AVAILABLE DATA —
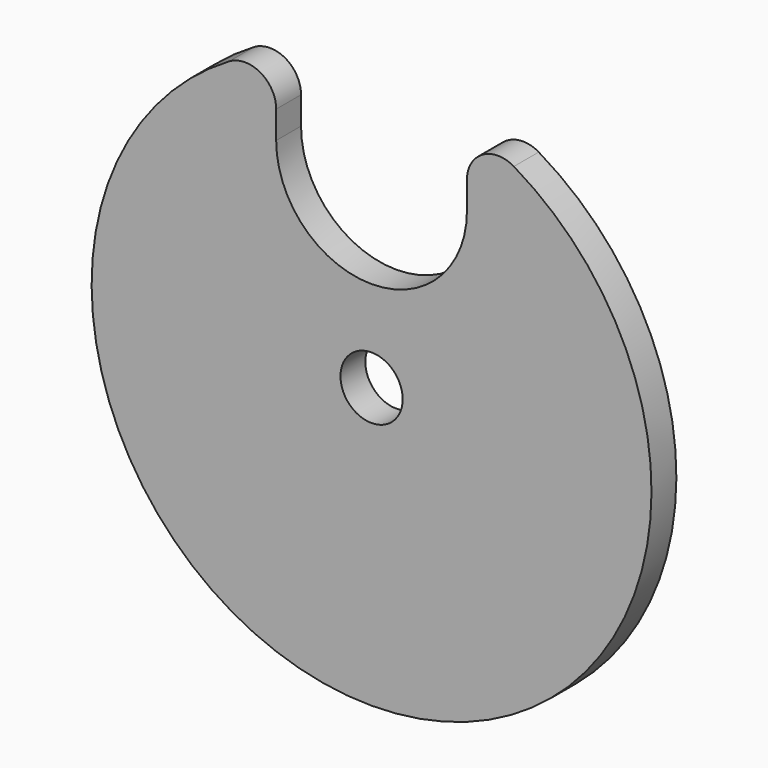
from build123d import *

# Parameters (mm, degrees)
F0_R     = 27
F0_R_2   = 3
F1_DEPTH = 3
F3_DEPTH = 3
F4_R     = 3


# Not quite as in the source:
# - a feature names something its author has since deleted; it is built from what else it names


with BuildPart() as f1:
    # F0 (on Front) → F1 (new body)
    with BuildSketch(Plane.XZ):
        Circle(F0_R)
        Circle(F0_R_2, mode=Mode.SUBTRACT)
    extrude(amount=F1_DEPTH)

    # F2 (on face) → F3 (cut)
    with BuildSketch(Plane.XZ.offset(3)):
        with BuildLine():
            Line((-9.2, 30.5910954097), (-9.2, 18))
            ThreePointArc((-9.2, 18), (0, 8.8), (9.2, 18))
            Line((9.2, 18), (9.2, 30.5910954097))
            Line((9.2, 30.5910954097), (-9.2, 30.5910954097))
        make_face()
    extrude(amount=-F3_DEPTH, mode=Mode.SUBTRACT)

    # F4
    f4_edges = [f1.edges().sort_by_distance(p)[0] for p in [
        (-9.2, -1.5, 25.384247),
        (9.2, -1.5, 25.384247),
    ]]
    fillet(f4_edges, radius=F4_R)


solid = f1.part

WHAT YOU ARE ASKED TO DO — The material above must be printed exactly, with its pictures left out.

ANSWER TO THIS PROBLEM —
from build123d import *

# Parameters (mm, degrees)
F0_R     = 27
F0_R_2   = 3
F1_DEPTH = 3
F3_DEPTH = 3
F4_R     = 3


# Not quite as in the source:
# - a feature names something its author has since deleted; it is built from what else it names


with BuildPart() as f1:
    # F0 (on Front) → F1 (new body)
    with BuildSketch(Plane.XZ):
        Circle(F0_R)
        Circle(F0_R_2, mode=Mode.SUBTRACT)
    extrude(amount=F1_DEPTH)

    # F2 (on face) → F3 (cut)
    with BuildSketch(Plane.XZ.offset(3)):
        with BuildLine():
            Line((-9.2, 30.5910954097), (-9.2, 18))
            ThreePointArc((-9.2, 18), (0, 8.8), (9.2, 18))
            Line((9.2, 18), (9.2, 30.5910954097))
            Line((9.2, 30.5910954097), (-9.2, 30.5910954097))
        make_face()
    extrude(amount=-F3_DEPTH, mode=Mode.SUBTRACT)

    # F4
    f4_edges = [f1.edges().sort_by_distance(p)[0] for p in [
        (-9.2, -1.5, 25.384247),
        (9.2, -1.5, 25.384247),
    ]]
    fillet(f4_edges, radius=F4_R)


solid = f1.part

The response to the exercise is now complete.